8. What was three- field system? Under this new three-field system, farmers could grow crops on two-thirds of their land each year, not just on half of it.
9. What was a Guild? A guild was an organization of individuals in the same business or occupation working to improve the economic and social conditions of its members.
10. What was the Commercial Revolution? Taken together, this expansion of trade and business is called the Commercial Revolution
11. Who were burghers? As trade expanded, the burghers, or merchant-class town dwellers, resented this interference in their trade and commerce.
12. In the 1100s, who began to visit Muslim libraries in Spain? In the 1100s, Christian scholars from Europe began visiting Muslim libraries in Spain.
13. What center of growth of learning stood a new European institution? Scholars and the University At the center of the growth of learning stood a new European institution the university.
14. Who were the earliest nations in Europe to develop a strong unified government? The earliest nations in Europe to develop a strong unified government were England and France.
15. Who was Alfred the Great and why was he so significant and what did he later call England? Only Alfred the Great, Anglo-Saxon king from 871 to 899, managed to turn back the Viking invaders. Gradually he and his successors united the kingdom under one rule, calling it England, “land of the Angles.”
16. Who were the Angles and who did they invade? The Angles were one of the Germanic tribes that had invaded the island of Britain.
17. Who was William the Conqueror and what was Normandy? The invader was William, duke of Normandy, who became known as William the Conqueror. Normandy is a region in the north of France that had been conquered by the Vikings.

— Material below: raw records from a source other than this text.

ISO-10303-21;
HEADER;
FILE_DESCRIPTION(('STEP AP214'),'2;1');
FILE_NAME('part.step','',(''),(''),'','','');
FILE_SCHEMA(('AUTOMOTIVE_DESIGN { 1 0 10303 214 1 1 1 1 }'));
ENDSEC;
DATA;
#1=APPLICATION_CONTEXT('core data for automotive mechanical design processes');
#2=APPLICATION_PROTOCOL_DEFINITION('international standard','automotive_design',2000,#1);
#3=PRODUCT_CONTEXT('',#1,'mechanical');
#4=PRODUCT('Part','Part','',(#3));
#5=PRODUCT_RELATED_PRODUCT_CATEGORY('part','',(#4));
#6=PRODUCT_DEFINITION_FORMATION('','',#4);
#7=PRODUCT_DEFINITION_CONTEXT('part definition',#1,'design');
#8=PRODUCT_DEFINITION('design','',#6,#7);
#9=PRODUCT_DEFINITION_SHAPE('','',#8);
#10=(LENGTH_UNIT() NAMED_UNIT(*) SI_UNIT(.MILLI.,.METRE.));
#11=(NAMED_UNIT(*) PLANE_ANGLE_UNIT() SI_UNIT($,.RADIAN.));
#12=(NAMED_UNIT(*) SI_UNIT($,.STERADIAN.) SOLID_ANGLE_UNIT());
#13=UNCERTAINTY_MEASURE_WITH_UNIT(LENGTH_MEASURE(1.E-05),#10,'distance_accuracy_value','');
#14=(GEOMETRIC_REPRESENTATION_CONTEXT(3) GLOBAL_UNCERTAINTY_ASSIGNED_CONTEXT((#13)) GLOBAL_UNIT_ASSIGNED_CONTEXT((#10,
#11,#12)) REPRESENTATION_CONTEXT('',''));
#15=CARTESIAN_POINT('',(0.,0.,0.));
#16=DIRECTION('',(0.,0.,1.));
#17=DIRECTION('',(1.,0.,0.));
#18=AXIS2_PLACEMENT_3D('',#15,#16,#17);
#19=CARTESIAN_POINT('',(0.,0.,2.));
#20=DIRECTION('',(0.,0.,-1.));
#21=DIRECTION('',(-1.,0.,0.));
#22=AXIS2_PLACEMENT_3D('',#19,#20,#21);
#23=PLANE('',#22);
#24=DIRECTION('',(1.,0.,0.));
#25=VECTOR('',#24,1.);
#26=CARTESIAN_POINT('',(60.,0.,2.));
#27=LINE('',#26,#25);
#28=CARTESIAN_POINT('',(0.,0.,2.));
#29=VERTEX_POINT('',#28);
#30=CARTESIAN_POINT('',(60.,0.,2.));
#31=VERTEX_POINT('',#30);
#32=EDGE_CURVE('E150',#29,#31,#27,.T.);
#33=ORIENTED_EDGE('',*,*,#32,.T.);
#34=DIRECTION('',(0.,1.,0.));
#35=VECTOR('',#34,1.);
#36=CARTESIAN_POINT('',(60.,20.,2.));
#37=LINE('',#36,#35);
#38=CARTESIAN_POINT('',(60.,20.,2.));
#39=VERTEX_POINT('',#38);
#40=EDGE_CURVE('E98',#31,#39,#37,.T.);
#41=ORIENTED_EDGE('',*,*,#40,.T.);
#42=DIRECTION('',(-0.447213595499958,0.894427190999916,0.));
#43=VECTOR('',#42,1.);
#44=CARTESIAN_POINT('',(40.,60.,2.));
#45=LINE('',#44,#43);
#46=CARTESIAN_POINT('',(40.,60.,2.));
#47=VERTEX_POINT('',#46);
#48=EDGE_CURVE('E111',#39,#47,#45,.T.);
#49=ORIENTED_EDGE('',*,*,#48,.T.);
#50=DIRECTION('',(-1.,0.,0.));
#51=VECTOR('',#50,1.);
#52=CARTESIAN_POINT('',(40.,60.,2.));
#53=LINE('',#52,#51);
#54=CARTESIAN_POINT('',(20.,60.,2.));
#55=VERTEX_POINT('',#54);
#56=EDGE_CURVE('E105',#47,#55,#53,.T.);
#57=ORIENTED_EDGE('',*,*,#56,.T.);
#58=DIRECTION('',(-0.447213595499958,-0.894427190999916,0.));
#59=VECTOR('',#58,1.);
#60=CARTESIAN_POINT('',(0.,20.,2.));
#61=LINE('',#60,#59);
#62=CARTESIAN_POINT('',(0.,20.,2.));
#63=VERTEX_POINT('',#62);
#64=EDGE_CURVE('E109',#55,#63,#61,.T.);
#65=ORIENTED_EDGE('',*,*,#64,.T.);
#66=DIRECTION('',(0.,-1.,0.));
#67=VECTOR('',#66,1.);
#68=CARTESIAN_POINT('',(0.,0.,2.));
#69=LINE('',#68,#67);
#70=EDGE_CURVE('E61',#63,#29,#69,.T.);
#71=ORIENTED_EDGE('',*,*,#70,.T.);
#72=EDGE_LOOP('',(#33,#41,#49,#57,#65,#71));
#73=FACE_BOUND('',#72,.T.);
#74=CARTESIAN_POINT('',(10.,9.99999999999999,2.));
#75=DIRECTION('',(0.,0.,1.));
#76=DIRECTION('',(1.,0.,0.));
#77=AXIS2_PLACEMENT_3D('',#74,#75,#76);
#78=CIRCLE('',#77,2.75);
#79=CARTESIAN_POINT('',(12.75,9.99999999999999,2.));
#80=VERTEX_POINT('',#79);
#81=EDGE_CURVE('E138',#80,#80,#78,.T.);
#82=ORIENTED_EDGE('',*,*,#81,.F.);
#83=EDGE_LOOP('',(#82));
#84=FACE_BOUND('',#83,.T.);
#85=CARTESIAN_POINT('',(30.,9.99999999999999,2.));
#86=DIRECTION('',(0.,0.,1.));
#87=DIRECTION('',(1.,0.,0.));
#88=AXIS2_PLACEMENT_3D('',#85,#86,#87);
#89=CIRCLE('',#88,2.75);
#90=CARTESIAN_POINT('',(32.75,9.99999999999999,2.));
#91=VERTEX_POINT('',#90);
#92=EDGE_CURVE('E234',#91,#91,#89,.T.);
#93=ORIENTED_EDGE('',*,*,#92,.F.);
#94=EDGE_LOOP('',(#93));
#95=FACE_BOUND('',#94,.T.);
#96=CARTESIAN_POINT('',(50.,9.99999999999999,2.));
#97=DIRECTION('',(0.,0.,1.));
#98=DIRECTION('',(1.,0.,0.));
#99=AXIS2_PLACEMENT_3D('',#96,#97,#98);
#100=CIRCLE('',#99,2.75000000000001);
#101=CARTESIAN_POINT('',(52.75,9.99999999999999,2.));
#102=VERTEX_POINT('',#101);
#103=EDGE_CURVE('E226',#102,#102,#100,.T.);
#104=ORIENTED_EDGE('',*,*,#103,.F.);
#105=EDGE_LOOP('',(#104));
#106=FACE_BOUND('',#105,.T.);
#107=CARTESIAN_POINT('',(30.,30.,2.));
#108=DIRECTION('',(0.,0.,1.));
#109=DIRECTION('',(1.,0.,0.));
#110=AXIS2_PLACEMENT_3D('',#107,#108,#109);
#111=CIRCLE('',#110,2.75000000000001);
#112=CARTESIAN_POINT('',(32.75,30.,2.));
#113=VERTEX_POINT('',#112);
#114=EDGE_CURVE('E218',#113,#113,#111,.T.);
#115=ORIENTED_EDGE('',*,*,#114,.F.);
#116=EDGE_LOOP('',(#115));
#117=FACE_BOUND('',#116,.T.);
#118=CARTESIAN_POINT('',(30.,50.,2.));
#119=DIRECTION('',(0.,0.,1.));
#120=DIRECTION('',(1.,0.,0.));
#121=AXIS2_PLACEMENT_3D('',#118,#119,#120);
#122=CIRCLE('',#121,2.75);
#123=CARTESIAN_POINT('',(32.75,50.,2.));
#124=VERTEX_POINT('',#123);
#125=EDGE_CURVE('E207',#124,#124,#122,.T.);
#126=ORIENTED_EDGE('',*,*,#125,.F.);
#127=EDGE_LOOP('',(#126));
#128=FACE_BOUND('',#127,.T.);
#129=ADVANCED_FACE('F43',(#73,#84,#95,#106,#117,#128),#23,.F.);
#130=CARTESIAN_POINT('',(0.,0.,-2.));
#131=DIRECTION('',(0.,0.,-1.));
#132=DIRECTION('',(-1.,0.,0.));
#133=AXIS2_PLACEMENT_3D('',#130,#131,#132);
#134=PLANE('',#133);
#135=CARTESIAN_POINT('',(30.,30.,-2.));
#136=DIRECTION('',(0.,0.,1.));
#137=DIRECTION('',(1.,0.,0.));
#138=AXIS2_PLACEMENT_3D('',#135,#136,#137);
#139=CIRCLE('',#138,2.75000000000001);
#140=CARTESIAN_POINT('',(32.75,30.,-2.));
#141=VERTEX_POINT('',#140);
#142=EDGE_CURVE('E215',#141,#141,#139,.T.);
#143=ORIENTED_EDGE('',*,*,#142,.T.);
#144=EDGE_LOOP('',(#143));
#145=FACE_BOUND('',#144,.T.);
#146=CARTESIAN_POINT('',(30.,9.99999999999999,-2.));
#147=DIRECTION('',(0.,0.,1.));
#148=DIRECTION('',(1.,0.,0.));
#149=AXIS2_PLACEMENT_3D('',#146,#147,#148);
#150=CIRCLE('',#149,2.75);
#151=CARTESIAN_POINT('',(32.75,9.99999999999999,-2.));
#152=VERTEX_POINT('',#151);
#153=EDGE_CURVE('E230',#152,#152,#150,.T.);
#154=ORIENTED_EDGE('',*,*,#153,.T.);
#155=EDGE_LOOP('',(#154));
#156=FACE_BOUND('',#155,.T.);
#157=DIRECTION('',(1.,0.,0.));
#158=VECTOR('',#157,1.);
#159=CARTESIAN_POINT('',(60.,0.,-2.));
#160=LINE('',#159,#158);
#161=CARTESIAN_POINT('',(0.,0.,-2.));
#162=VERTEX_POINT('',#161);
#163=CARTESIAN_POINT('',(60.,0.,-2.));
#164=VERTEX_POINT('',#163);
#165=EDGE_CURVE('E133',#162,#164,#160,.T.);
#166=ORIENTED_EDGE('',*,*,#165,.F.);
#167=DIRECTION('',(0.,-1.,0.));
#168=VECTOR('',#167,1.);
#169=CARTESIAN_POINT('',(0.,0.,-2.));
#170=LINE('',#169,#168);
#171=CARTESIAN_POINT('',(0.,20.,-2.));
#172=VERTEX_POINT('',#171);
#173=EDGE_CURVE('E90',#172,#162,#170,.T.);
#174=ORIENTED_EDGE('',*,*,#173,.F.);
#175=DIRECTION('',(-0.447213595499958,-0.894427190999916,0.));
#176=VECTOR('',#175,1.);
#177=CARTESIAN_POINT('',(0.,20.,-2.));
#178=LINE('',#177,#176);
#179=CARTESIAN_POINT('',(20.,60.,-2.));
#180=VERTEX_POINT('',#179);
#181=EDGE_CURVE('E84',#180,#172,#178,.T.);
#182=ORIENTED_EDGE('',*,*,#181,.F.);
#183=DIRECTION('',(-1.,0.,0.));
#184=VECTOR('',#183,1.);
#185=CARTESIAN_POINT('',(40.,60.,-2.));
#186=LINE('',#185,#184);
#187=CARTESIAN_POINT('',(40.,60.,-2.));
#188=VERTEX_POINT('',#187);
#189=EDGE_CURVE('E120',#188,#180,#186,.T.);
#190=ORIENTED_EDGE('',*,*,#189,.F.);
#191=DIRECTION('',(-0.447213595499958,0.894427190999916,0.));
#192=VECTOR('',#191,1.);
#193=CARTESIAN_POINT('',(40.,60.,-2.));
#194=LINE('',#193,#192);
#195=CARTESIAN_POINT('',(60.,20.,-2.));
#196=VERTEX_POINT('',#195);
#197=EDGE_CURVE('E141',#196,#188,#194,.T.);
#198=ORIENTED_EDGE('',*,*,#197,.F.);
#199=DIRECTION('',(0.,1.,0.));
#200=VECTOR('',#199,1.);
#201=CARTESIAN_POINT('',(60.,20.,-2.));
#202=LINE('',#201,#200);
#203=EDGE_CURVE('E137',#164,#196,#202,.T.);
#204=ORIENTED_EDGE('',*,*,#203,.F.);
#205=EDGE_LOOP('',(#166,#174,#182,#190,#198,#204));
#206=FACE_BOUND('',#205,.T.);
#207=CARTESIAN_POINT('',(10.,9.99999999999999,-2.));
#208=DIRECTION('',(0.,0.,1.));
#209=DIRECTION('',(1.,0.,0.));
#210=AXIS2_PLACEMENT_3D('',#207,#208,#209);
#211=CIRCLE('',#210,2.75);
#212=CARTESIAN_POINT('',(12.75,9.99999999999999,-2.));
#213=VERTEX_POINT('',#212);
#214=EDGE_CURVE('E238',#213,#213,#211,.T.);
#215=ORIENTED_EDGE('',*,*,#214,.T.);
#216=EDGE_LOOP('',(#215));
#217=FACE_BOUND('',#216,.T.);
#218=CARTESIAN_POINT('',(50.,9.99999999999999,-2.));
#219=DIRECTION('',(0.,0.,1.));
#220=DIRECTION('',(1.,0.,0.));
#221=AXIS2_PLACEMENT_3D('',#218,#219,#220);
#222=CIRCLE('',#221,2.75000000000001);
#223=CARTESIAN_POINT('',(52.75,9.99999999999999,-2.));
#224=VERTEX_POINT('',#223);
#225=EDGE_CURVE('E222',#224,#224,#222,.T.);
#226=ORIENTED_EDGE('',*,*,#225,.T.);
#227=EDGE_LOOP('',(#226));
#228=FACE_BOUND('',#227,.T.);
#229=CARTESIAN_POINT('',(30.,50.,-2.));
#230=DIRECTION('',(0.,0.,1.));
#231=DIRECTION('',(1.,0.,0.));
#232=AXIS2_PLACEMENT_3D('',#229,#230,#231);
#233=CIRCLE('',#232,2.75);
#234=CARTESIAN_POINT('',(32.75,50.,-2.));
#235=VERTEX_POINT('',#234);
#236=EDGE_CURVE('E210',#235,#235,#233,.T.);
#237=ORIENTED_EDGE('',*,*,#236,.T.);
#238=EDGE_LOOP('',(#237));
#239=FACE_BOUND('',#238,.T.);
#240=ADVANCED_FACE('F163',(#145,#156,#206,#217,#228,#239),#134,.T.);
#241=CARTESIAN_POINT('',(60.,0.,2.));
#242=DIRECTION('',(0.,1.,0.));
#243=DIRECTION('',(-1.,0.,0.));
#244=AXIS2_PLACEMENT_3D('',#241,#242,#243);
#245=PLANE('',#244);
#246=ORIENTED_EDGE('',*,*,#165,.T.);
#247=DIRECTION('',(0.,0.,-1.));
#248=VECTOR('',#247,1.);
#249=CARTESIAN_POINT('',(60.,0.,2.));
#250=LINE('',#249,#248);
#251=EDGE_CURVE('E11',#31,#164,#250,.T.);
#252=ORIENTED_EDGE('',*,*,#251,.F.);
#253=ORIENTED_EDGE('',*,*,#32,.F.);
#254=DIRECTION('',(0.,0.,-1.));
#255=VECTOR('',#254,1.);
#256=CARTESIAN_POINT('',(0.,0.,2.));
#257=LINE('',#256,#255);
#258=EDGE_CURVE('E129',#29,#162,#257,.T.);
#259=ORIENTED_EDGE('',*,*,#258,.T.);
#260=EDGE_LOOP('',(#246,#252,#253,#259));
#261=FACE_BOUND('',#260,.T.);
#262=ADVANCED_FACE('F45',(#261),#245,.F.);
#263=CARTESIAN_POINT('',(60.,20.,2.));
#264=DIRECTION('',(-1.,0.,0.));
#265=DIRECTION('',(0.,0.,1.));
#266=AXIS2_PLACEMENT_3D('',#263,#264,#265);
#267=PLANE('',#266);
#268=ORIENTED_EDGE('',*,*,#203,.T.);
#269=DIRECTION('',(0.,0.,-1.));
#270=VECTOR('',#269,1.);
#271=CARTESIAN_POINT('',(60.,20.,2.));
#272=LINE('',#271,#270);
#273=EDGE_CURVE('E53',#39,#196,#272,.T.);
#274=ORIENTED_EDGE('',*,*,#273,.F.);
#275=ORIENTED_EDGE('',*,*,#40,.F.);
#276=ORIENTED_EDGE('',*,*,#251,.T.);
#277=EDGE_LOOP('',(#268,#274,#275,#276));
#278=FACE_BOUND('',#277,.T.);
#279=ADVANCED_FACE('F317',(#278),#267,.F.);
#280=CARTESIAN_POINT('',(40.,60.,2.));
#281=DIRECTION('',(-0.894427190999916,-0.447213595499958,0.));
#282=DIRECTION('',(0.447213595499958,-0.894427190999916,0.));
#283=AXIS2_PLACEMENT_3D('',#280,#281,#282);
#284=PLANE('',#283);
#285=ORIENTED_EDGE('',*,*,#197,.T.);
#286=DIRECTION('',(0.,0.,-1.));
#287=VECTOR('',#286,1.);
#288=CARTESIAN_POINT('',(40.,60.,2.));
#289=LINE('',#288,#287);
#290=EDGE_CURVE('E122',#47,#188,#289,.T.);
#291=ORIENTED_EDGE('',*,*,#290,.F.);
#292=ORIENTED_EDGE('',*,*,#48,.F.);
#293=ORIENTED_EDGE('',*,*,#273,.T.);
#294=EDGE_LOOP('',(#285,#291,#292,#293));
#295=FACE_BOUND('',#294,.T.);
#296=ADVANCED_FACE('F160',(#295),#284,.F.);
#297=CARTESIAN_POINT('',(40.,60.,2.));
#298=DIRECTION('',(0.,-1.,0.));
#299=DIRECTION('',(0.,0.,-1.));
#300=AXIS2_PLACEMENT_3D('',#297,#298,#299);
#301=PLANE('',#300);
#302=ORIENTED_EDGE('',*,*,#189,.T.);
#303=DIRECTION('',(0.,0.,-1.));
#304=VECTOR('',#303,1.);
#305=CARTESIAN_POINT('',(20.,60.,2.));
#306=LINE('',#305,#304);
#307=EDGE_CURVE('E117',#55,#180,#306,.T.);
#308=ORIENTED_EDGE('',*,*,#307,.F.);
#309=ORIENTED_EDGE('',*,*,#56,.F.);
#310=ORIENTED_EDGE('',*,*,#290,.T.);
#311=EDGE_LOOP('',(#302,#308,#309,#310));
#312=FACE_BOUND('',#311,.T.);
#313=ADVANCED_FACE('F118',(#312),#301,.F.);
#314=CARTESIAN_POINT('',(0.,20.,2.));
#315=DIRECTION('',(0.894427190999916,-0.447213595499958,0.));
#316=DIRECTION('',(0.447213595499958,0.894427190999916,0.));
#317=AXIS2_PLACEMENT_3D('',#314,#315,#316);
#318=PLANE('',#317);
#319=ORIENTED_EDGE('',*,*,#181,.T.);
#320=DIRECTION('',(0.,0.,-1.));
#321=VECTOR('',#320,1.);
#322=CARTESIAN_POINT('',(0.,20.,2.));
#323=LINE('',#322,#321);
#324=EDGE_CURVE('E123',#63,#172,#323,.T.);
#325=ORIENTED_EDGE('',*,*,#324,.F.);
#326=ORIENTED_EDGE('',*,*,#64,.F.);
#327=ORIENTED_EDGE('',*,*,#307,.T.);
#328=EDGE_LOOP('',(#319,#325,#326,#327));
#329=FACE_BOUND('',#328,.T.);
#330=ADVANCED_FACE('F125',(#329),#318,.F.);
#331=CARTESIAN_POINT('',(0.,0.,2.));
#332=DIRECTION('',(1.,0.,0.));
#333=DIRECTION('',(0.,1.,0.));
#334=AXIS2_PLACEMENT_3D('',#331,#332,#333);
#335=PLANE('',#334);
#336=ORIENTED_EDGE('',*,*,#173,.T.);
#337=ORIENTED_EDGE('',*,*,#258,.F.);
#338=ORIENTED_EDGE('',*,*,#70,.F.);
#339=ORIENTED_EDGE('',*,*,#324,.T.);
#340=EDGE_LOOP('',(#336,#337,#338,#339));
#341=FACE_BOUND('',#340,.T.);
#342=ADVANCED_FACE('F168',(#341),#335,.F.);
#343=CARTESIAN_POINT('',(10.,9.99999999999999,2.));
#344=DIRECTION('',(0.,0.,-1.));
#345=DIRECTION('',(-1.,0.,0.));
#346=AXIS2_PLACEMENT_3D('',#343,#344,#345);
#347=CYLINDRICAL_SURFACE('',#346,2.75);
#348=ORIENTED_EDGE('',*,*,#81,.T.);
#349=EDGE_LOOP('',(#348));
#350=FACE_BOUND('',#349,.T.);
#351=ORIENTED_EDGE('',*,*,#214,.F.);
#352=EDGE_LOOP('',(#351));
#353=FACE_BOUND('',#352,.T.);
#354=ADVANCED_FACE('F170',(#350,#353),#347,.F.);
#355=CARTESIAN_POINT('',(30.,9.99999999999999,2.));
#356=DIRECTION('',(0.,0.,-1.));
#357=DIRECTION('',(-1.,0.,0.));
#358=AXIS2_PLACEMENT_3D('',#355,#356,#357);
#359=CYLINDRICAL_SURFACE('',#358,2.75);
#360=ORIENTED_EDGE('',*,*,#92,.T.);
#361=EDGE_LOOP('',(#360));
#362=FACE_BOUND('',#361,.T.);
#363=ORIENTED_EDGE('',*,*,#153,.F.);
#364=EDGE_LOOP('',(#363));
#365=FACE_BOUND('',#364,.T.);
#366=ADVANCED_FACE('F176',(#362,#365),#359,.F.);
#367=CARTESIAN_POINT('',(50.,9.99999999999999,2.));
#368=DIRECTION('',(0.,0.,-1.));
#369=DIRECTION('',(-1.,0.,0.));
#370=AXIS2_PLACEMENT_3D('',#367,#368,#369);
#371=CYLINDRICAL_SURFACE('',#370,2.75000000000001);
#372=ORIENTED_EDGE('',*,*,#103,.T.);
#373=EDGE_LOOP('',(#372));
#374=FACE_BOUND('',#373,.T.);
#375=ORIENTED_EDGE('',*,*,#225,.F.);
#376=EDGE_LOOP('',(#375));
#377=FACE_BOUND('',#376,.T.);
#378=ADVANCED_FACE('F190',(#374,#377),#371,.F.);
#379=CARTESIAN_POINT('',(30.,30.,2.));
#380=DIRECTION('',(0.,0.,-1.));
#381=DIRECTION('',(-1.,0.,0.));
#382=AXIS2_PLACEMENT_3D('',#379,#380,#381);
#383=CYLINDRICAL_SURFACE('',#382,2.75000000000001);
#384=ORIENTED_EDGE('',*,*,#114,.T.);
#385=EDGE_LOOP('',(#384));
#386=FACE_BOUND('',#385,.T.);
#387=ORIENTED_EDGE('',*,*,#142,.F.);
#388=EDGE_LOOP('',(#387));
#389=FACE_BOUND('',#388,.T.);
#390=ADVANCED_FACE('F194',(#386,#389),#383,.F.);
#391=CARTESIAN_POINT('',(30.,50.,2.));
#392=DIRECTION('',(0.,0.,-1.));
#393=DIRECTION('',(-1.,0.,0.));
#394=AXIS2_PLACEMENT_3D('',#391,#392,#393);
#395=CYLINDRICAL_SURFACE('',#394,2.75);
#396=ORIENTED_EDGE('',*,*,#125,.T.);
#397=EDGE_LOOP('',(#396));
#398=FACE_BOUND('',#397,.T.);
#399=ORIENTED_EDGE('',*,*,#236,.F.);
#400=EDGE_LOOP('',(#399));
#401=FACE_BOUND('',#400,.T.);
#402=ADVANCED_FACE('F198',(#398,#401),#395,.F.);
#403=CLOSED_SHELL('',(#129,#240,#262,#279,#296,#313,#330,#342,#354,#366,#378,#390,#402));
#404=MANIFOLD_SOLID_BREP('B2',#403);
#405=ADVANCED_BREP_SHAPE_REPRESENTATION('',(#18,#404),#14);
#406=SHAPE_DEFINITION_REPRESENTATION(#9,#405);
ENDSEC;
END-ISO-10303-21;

18. Which battle did the Anglo-Saxon fight? Anglo-Saxons fought the battle that changed the course of English history the Battle of Hastings.
19. What were the two goals English kings wanted to achieve? Over the next centuries, English kings tried to achieve two goals. First, they wanted to hold and add to their French lands. Second, they wanted to strengthen their own power over the nobles and the Church.
20. Who was Henry ll and what did he marry and what did marriage bring him and what did he call it? The English king Henry ll added to these holdings by marrying Eleanor of Aquitaine from France. The marriage brought Henry a large territory in France called Aquitaine.
21. What was the Magna Carta? On June 15, 1215, they forced John to agree to the most celebrated document in English history, the Magna Carta (Great Charter).
22. Who was Avignon? Avignon and the Great Schism In 1305, Philip IV persuaded the College of Cardinals to choose a French archbishop as the new pope. Clement V, the newly selected pope, moved from Rome to the city of Avignon in France.
23. How many popes were there in total? By now, there were a total of three popes: the Avignon pope, the Roman pope, and a third pope elected by an earlier council at Pisa.
24. What was Great Schism? This began the split in the Church known as the Great Schism, or division.
25. What were some effects of the bubonic plague? Some effects were: Town populations fell. • Trade declined. Prices rose. • The serfs left the manor in search of better wages. • Nobles fiercely resisted peasant demands for higher wages, causing peasant revolts in England, France, Italy, and Belgium.